Otherwise, explicitly list every column that is to be used in the query - preferably while using a table alias.

Even if you wanted to select every column now, you might not want to select every column after someone adds one or more new columns. If you write the query with SELECT * you are taking the risk that at some point someone might add a column of text which makes your query run more slowly even though you don't actually need that column.
Wouldn't it mean less code to change if you added a new column you wanted?
The chances are that if you actually want to use the new column then you will have to make quite a lot other changes to your code anyway. You're only saving , new_column - just a few characters of typing.

If you really want every column, I haven't seen a performance difference between select (*) and naming the columns. The driver to name the columns might be simply to be explicit about what columns you expect to see in your code.
Often though, you don't want every column and the select(*) can result in unnecessary work for the database server and unnecessary information having to be passed over the network. It's unlikely to cause a noticeable problem unless the system is heavily utilised or the network connectivity is slow.

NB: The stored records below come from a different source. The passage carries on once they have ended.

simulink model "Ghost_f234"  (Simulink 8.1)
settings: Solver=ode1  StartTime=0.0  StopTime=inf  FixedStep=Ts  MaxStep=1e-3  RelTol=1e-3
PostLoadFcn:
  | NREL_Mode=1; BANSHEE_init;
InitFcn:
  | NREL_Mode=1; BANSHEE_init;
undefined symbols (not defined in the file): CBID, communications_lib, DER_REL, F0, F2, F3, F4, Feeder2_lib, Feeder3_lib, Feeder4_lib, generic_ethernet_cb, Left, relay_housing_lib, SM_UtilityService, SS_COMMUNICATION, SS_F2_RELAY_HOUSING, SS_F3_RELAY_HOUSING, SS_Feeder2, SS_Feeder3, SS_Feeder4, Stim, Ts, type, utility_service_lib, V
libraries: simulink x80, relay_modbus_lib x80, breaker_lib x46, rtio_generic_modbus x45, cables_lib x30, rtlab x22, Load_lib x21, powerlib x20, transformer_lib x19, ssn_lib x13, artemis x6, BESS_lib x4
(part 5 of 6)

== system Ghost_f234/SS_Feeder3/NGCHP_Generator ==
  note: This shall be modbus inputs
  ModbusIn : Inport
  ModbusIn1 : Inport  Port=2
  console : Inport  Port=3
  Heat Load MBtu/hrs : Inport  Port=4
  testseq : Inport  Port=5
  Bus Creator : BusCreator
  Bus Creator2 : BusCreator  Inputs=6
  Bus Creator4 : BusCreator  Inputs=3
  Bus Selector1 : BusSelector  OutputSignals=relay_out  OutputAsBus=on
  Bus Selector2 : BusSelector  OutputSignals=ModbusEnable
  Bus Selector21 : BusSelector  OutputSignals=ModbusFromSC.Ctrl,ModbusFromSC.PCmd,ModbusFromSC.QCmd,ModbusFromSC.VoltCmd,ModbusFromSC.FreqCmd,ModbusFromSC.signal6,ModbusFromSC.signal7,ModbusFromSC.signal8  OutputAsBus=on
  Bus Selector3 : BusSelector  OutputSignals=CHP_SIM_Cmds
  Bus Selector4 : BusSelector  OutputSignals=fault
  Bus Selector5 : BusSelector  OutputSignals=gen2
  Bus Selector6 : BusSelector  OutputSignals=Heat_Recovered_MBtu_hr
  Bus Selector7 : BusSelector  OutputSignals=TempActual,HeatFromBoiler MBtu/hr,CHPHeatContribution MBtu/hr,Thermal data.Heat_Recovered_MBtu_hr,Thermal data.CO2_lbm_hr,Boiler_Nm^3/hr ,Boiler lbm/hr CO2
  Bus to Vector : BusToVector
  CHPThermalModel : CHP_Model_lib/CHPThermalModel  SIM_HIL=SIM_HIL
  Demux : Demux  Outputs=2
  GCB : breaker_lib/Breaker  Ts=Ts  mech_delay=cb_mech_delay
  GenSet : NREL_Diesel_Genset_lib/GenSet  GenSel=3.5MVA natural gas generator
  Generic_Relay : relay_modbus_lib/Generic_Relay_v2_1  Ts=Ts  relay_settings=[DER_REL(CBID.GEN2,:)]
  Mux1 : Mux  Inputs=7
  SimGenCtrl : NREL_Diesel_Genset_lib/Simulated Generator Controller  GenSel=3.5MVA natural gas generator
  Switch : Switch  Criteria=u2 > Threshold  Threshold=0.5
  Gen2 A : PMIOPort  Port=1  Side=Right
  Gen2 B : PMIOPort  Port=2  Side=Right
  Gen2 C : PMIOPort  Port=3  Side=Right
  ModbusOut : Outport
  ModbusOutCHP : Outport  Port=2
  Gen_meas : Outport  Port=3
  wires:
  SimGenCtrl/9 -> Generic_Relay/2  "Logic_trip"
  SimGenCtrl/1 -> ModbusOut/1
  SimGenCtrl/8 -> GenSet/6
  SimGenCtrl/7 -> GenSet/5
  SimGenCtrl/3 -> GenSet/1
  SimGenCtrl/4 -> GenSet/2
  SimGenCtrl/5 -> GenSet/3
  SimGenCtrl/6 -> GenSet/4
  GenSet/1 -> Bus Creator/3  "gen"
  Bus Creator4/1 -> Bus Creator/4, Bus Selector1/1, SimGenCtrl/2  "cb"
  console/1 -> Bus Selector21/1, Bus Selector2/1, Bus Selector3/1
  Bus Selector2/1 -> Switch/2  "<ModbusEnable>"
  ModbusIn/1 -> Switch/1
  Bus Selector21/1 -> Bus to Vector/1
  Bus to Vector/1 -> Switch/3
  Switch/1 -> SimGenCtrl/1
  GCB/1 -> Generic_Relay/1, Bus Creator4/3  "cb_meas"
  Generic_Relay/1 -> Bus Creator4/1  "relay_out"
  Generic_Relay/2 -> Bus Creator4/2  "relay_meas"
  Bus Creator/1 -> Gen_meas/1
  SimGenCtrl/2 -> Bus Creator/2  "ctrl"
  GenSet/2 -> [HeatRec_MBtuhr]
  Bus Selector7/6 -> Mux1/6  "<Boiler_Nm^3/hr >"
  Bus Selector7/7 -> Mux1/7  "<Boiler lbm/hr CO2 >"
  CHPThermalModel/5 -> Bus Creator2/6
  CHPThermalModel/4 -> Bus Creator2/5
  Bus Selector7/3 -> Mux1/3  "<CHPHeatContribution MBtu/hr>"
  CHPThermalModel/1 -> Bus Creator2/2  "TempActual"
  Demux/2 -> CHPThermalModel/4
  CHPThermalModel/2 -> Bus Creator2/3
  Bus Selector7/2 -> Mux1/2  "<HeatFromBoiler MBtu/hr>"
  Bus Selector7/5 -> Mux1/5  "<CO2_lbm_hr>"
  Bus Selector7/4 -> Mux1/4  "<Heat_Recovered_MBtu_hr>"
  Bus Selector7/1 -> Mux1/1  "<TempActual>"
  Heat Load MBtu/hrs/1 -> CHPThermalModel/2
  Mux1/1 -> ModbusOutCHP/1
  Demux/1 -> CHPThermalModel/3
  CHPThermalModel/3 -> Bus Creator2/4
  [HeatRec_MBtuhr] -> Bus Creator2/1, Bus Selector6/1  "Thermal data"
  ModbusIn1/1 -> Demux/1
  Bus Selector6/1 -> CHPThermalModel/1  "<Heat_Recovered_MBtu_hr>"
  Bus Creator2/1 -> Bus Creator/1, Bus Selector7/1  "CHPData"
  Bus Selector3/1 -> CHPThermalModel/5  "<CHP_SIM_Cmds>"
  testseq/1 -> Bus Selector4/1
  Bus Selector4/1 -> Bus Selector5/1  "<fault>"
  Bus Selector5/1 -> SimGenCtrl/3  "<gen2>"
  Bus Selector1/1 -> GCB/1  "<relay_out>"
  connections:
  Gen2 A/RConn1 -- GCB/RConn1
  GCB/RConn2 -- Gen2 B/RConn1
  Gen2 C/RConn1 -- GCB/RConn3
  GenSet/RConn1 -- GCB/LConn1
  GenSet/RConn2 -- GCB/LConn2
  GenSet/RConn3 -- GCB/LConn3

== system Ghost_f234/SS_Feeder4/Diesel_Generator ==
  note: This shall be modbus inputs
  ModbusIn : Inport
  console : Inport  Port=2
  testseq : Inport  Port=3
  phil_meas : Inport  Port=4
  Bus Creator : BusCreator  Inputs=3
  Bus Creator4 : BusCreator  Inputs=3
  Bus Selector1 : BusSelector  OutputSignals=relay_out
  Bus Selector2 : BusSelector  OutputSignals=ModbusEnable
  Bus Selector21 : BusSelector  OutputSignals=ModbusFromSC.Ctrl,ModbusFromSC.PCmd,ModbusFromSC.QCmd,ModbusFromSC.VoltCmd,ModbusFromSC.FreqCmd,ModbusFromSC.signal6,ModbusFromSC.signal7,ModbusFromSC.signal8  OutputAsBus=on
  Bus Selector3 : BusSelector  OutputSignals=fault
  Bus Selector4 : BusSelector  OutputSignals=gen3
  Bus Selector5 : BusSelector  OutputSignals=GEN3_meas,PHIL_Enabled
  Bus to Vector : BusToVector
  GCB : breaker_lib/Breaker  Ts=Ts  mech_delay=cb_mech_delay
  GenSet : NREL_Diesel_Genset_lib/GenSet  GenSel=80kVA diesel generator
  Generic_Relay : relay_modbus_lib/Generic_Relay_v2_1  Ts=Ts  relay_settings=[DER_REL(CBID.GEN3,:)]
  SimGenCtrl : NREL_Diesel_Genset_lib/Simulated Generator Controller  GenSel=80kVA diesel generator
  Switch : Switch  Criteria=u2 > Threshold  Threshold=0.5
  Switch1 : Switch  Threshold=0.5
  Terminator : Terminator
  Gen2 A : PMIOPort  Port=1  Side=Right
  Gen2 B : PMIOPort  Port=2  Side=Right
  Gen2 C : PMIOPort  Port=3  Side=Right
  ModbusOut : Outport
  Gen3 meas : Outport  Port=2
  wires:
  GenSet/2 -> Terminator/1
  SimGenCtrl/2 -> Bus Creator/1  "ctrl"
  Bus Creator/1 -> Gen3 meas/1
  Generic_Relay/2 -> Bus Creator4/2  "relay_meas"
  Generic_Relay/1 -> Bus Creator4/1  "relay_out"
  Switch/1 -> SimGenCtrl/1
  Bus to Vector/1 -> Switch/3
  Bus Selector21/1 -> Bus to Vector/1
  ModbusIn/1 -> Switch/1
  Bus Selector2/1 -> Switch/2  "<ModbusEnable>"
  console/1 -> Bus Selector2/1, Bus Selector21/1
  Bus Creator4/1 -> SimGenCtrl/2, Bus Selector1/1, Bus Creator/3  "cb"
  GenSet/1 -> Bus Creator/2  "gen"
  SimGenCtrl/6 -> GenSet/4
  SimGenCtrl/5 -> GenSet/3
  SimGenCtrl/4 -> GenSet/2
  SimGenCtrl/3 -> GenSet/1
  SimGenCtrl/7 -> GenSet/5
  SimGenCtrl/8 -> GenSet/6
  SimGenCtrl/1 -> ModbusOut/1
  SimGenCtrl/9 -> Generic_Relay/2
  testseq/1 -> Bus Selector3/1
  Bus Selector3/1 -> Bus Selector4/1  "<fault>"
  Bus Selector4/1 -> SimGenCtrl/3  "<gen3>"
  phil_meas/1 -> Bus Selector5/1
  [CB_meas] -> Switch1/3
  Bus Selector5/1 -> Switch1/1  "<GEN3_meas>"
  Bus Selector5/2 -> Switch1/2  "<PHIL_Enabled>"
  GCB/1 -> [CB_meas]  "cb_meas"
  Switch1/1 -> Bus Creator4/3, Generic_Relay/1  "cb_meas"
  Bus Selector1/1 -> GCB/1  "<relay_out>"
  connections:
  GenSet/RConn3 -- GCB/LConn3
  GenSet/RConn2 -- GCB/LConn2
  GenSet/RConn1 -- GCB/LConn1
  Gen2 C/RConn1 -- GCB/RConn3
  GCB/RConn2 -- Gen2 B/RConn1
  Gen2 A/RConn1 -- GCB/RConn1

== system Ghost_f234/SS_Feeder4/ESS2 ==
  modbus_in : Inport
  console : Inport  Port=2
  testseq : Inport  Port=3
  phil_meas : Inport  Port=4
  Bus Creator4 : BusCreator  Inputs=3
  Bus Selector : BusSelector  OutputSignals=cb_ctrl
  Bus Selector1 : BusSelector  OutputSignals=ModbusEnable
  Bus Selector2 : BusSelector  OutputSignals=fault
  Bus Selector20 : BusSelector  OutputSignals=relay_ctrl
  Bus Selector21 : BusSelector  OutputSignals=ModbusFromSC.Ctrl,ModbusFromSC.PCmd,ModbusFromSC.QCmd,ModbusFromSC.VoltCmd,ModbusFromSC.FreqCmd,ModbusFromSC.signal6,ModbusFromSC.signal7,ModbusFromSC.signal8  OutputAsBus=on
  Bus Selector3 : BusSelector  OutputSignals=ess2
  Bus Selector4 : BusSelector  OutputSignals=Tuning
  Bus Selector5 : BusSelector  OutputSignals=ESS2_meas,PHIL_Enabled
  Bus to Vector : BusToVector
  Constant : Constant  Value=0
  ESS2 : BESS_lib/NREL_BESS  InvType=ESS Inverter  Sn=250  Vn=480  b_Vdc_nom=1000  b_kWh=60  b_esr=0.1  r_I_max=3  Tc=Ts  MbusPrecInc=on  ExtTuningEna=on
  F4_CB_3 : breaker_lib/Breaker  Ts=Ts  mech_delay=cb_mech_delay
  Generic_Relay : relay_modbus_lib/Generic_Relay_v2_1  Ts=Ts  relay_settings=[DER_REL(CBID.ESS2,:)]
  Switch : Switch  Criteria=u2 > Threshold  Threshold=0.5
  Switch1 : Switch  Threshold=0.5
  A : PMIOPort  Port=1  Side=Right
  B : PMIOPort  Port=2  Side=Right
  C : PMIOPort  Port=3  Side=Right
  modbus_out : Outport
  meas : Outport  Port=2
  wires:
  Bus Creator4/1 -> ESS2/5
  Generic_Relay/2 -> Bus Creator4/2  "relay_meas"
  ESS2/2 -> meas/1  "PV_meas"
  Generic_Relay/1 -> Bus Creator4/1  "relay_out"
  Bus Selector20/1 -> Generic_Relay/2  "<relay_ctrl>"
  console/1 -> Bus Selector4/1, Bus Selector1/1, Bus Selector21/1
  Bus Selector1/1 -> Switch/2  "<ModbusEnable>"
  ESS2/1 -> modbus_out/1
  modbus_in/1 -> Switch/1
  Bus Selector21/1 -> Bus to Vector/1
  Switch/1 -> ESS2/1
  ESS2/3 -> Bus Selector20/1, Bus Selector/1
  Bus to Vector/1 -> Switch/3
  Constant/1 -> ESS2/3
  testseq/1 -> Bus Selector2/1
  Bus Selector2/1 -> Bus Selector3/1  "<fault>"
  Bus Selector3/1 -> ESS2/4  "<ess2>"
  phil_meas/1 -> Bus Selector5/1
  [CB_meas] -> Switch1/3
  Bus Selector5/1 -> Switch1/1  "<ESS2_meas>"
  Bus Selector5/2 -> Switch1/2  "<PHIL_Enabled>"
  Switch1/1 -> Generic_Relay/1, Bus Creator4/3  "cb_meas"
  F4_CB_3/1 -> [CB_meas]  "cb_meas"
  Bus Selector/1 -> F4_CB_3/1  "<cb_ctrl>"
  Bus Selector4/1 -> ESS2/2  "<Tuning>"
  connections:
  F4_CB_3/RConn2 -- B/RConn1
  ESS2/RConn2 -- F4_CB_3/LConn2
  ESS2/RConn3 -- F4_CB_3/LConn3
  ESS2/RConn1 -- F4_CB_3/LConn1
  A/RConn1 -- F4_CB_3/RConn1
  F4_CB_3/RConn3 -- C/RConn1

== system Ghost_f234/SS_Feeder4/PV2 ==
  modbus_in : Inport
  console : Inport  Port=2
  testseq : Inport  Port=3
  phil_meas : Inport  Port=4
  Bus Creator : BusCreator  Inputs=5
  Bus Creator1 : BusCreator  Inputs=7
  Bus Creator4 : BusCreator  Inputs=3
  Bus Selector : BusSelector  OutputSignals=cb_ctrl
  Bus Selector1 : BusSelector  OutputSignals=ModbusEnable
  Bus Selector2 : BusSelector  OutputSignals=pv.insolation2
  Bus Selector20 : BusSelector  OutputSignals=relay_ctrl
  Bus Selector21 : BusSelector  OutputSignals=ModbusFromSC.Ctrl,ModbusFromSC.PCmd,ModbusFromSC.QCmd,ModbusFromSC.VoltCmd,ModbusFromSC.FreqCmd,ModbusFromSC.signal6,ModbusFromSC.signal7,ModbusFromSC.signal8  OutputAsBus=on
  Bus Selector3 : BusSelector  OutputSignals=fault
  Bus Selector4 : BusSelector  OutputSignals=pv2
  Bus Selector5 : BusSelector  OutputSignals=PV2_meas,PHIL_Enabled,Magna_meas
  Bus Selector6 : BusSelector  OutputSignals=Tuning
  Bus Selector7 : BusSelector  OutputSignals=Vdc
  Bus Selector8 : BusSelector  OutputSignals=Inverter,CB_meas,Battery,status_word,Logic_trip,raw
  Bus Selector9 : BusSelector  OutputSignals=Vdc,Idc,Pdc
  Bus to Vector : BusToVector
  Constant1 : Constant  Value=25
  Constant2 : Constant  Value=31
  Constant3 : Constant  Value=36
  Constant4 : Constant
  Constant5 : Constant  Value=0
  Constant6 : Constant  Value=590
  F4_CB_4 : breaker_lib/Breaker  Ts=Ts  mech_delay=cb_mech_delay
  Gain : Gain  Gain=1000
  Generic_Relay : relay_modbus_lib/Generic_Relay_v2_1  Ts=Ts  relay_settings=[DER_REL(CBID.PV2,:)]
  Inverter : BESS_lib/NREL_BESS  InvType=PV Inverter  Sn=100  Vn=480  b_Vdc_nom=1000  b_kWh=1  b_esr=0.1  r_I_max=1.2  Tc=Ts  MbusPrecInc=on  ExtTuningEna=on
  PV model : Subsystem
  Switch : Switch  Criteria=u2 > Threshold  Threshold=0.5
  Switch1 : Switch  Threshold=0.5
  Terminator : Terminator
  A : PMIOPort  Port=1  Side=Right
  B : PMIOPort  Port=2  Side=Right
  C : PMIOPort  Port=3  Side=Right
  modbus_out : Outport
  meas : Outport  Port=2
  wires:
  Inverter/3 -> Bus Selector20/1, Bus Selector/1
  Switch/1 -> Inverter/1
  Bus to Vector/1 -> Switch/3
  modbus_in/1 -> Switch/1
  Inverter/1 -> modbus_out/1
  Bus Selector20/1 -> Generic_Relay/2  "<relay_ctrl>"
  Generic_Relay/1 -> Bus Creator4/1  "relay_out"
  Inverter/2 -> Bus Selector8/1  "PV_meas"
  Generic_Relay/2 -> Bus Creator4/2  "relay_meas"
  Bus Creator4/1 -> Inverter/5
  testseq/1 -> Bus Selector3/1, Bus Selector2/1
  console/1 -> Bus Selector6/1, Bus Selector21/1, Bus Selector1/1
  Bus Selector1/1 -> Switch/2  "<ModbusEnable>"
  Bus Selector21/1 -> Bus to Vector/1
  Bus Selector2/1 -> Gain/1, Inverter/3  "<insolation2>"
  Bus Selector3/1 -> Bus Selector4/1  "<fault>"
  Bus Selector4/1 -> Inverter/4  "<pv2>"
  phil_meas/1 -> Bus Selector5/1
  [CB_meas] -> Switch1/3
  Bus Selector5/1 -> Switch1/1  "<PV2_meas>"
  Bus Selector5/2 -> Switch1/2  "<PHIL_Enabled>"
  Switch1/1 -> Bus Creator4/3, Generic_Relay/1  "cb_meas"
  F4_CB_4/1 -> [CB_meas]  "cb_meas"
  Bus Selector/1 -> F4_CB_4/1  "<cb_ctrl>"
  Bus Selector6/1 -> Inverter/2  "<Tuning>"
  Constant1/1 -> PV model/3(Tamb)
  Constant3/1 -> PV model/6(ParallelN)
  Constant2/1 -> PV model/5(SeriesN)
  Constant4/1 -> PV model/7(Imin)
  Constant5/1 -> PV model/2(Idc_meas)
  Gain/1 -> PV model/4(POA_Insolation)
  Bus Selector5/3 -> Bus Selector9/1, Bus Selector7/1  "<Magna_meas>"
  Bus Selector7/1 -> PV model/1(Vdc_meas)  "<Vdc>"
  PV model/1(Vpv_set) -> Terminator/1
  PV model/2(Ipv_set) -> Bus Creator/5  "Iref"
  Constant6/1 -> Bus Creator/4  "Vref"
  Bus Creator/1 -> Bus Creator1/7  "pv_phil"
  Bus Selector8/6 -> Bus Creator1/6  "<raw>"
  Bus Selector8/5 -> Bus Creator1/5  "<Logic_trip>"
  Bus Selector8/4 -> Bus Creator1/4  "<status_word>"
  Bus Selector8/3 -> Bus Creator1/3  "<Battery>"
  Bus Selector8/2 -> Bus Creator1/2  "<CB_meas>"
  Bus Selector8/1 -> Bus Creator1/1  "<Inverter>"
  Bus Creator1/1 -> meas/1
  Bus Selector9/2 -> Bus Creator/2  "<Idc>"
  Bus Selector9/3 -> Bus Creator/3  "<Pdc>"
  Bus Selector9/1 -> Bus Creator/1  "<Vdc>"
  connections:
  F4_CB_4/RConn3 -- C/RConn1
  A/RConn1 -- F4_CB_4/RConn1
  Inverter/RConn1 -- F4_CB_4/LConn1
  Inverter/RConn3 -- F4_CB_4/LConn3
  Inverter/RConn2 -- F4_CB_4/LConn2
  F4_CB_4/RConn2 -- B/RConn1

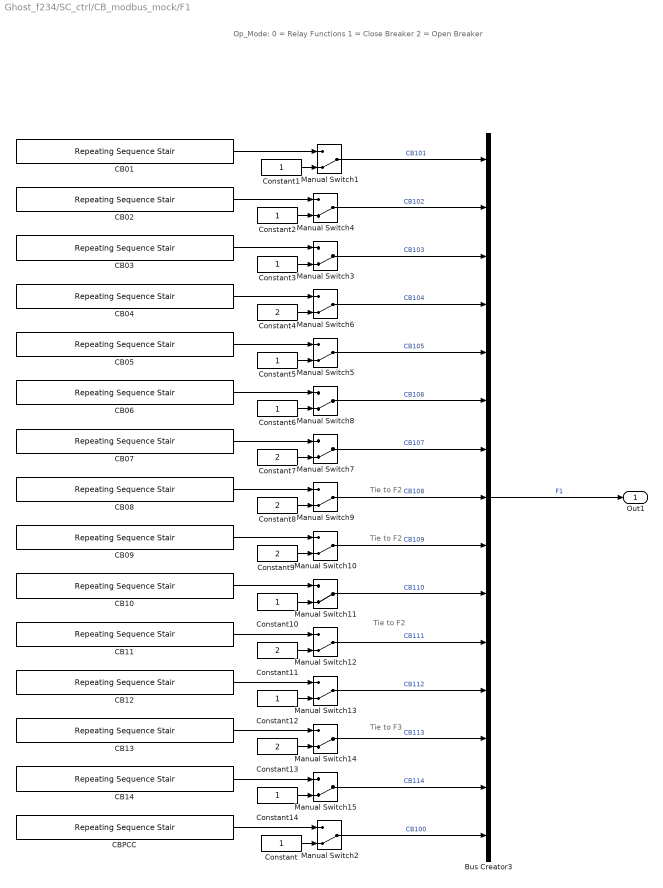
== system Ghost_f234/SC_ctrl/CB_modbus_mock/F1 ==
  note: Tie to F2
  note: Tie to F2
  note: Op_Mode:
      | 0 = Relay Functions
      | 1 = Close Breaker
      | 2 = Open Breaker
  note: Tie to F2
  note: Tie to F3
  Bus Creator3 : BusCreator  Inputs=15
  CB01 : simulink/Sources/Repeating Sequence Stair  OutValues=Stim.CB.CB101  tsamp=[Stim.Ts Ts]  OutMin=[]  OutMax=[]  OutDataTypeStr=Inherit: Inherit via back propagation  OutDataType=fixdt(0,8)  ConRadixGroup=Best Precision: Vector-wise  OutScaling=2^-12
  CB02 : simulink/Sources/Repeating Sequence Stair  OutValues=Stim.CB.CB102  tsamp=[Stim.Ts Ts]  OutMin=[]  OutMax=[]  OutDataTypeStr=Inherit: Inherit via back propagation  OutDataType=fixdt(0,8)  ConRadixGroup=Best Precision: Vector-wise  OutScaling=2^-12
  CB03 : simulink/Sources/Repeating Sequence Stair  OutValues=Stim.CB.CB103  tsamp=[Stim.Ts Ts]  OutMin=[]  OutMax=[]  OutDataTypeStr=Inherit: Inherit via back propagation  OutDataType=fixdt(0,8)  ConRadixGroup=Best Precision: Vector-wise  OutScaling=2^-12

If you name the columns in a SELECT statement, they will be returned in the order specified, and may thus safely be referenced by numerical index. If you use "SELECT *", you may end up receiving the columns in arbitrary sequence, and thus can only safely use the columns by name. Unless you know in advance what you'll be wanting to do with any new column that gets added to the database, the most probable correct action is to ignore it. If you're going to be ignoring any new columns that get added to the database, there is no benefit whatsoever to retrieving them.

In a lot of situations, SELECT * will cause errors at run time in your application, rather than at design time. It hides the knowledge of column changes, or bad references in your applications.

Think of it as reducing the coupling between the app and the database.
To summarize the 'code smell' aspect:
SELECT * creates a dynamic dependency between the app and the schema. Restricting its use is one way of making the dependency more defined, otherwise a change to the database has a greater likelihood of crashing your application.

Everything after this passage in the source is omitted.